For example, in local markets and states with moderate levels of taxation, commercial property prices would have to decline 8–12 percent to maintain required equity returns for investors (if like-kind exchanges could no longer be used). This, in turn, would reduce the wealth of a large cross-section of households and slow or stop construction in many local markets.

Repealing 1031 exchanges would also lead  to higher rents — reducing the affordability of commercial space for large and small tenants and, thus, reducing such businesses’ ability to invest in equipment or employees.  Over time, for example, real rents would need to rise from 8–13 percent before new construction would be economically viable.  The price declines and rent effects of eliminating real estate like-kind exchanges would be more pronounced in high-tax states.

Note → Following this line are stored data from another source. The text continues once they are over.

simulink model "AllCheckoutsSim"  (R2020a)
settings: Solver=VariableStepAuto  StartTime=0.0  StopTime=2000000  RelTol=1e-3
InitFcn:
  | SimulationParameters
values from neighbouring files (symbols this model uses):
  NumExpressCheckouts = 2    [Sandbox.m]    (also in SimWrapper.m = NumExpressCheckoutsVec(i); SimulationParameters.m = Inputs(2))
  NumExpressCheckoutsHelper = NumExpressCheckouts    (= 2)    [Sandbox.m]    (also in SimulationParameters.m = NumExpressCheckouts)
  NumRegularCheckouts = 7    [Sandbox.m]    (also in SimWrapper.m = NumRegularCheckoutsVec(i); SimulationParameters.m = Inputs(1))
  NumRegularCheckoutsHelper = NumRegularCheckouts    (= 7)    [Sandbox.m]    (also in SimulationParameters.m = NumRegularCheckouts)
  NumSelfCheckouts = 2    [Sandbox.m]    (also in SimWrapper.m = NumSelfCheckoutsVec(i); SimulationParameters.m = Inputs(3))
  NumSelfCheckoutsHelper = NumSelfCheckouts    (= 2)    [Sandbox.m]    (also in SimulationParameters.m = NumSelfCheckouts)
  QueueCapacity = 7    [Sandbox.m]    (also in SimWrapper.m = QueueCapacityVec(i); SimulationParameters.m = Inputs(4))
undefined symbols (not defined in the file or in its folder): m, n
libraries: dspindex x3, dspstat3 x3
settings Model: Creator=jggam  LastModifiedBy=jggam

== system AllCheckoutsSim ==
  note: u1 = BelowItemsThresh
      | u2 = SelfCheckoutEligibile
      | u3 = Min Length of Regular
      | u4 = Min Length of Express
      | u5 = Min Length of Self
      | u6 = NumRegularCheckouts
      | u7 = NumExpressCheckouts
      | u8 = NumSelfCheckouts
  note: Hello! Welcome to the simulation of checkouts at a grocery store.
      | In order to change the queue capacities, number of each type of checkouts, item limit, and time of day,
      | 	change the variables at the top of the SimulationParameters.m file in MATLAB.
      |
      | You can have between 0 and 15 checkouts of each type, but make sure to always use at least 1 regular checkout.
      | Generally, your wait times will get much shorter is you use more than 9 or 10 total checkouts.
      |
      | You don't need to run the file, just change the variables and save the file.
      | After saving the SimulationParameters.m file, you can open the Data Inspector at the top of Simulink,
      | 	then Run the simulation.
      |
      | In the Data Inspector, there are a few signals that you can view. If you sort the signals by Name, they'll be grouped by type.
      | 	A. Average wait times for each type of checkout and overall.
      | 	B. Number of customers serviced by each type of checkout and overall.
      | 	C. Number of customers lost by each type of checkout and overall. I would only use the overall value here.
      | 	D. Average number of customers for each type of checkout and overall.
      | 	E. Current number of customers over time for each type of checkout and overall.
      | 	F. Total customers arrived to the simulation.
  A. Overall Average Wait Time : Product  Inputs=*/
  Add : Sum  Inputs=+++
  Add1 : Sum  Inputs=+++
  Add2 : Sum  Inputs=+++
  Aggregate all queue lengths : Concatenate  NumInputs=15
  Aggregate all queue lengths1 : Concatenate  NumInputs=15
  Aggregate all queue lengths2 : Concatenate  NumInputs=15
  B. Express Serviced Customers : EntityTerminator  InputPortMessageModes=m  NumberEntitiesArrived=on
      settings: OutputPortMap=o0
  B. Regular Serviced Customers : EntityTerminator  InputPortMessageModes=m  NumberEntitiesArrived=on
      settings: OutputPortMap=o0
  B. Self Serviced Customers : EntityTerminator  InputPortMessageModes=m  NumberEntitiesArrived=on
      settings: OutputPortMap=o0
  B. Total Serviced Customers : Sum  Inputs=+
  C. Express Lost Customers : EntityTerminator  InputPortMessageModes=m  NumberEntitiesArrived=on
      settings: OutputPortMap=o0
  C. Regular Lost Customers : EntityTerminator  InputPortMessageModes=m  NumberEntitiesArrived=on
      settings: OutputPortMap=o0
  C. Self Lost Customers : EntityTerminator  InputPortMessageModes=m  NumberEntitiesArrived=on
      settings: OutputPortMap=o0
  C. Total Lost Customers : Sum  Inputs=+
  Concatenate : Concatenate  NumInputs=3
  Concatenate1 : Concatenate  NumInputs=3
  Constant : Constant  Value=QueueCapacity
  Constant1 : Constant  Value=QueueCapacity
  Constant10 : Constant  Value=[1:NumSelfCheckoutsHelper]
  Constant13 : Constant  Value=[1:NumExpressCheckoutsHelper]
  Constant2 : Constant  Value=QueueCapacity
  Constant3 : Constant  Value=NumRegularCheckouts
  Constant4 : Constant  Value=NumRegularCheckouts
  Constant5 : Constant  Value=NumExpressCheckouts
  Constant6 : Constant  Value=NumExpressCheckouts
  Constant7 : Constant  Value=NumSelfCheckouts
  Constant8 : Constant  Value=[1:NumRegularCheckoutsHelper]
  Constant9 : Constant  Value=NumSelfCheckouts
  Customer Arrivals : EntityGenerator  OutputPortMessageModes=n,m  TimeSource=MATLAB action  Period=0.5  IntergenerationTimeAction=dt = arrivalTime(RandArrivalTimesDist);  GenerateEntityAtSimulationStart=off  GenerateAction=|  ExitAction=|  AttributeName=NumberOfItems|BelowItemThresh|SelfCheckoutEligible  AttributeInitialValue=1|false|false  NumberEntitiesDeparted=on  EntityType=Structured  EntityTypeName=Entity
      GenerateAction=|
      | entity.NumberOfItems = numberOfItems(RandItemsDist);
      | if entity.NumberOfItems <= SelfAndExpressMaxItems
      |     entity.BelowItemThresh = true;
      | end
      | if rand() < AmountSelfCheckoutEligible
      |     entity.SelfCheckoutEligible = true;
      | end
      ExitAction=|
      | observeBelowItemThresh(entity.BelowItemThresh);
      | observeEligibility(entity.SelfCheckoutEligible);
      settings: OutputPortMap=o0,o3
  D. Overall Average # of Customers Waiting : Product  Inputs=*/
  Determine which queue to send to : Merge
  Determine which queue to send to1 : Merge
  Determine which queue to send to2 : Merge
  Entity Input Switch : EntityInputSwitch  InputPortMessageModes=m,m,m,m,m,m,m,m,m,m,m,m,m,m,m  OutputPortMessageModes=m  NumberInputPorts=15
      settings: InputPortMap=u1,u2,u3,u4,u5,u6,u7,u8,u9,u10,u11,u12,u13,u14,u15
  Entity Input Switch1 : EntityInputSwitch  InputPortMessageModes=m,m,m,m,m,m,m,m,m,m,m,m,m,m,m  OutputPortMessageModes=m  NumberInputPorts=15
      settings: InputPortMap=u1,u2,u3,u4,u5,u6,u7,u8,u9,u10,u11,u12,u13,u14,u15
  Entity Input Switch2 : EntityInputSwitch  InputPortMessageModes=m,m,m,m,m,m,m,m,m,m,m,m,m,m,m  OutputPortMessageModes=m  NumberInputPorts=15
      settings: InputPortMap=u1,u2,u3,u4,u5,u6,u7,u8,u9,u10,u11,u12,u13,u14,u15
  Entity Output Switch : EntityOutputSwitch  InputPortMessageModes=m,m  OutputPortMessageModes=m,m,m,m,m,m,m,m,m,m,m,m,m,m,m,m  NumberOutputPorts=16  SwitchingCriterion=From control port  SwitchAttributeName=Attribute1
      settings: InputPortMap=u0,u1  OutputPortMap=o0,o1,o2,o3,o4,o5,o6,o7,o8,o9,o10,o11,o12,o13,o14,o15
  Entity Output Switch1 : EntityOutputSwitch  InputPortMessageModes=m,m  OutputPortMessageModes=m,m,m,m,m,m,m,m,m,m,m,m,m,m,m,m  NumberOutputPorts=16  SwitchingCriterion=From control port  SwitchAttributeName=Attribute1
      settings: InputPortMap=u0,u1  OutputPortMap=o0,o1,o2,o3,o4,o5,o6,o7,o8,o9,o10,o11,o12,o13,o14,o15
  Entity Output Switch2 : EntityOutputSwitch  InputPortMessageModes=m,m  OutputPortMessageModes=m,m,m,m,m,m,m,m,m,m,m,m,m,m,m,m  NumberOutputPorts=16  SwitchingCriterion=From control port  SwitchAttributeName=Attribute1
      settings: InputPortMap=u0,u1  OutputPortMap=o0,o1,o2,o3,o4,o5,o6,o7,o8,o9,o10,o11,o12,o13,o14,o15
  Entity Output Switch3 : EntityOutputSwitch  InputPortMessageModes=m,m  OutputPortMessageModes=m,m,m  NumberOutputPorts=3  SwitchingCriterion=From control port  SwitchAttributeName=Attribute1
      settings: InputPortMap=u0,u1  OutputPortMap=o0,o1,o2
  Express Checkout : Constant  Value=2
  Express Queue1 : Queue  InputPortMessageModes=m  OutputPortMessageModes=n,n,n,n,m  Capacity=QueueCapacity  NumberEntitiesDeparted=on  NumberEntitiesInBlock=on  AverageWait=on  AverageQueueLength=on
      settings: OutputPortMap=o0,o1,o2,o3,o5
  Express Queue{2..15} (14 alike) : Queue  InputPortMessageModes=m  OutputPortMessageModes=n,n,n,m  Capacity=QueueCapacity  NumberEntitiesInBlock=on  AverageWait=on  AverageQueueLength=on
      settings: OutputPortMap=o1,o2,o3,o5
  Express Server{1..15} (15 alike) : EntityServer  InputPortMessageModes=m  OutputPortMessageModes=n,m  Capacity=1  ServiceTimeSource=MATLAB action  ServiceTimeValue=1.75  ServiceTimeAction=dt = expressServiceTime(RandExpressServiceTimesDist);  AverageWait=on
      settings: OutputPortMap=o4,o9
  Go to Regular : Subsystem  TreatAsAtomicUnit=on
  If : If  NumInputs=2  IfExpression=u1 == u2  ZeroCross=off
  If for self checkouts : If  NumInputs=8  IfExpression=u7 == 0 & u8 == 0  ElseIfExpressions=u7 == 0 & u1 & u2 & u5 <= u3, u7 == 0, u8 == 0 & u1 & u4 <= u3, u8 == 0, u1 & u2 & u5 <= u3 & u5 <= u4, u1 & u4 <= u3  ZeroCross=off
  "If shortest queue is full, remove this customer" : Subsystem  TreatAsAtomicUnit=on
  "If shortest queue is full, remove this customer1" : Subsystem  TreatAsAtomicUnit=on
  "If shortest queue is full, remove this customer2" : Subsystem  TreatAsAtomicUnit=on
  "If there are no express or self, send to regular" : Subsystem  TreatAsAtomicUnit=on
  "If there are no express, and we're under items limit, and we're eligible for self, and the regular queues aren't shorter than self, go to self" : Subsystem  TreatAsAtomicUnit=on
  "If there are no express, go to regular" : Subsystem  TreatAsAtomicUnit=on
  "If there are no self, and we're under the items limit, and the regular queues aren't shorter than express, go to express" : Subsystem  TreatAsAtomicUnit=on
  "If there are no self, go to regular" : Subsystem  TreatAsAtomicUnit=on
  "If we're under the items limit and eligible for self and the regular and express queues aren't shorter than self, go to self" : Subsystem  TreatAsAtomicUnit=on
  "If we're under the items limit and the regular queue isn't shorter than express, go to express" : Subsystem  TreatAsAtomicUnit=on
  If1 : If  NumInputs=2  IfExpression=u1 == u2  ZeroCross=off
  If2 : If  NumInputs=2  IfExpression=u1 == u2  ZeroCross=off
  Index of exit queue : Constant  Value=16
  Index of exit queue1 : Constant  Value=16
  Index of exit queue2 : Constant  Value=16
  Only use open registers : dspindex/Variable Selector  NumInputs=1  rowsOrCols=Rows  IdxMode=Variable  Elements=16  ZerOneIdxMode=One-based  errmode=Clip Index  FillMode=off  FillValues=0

Other ripple effects (resulting from a repeal of 1031 exchange rules) would include:

Higher taxes for thousands of commercial property owners

Reduced real estate market liquidity

Longer holding periods, which would mean reduced real estate sales activity

As explained by the study’s other co-author, Dr. Milena Petrova, finance professor at Syracuse University’s Whitman School of Management, “Removing the exchanges would decrease property values and net investment, increase holding periods, and increase the use of leverage to finance acquisitions.”

 LKE x225 Dr_ Pertrove and Ryanc M 067

Study co-author Dr. Milena Petrova, right, finance professor at Syracuse University’s Whitman School of Management, “Removing the exchanges would decrease property values and net investment, increase holding periods, and increase the use of leverage to finance acquisitions.”

She added, “These micro effects are likely to have macro-economic consequences as well by decreasing construction and investment activity in commercial real estate markets, which would depress employment in markets where like-kind exchanges are commonly used. It is critical to fully understand the positive economic effects of the like-kind exchange provision before considering any changes to the policy.”

Roundtable President and CEO Jeffrey DeBoer said the Ling-Petrova study “demonstrates how critical like-kind exchanges are to the health and vibrancy of real estate activity in the United States.”

As he explained, “Acquiring and improving commercial real estate requires large amounts of capital, and section 1031 helps real estate businesses grow and expand organically — with less debt. In short, like-kind exchanges allow property owners to put more of their earnings back into the private sector — hiring workers, upgrading and improving properties, and generating much-needed economic activity.”

The study, titled “The Economic Impact of Repealing or Limiting Section 1031 Like-Kind Exchanges in Real Estate” is available online at: http://www.rer.org/LKE/

A similar analysis released by Ernst & Young in March reached similar conclusions about the economic harm that would come from limits on like-kind exchanges. 

Key Senators Urge FIRPTA Reforms as Part of Any International Tax Reform

In other tax news, Sens. Rob Portman (R-OH) and Charles Schumer (D-NY) this week called for reform of the Foreign Investment in Real Property Tax Act (FIRPTA) as part of any overhaul of U.S. international tax laws and regulations. Portman and Schumer are the co-chairs of a Senate Finance Committee working group that has been studying options for international tax reform. Their comments on FIRPTA came as part of a final report, issued July 7.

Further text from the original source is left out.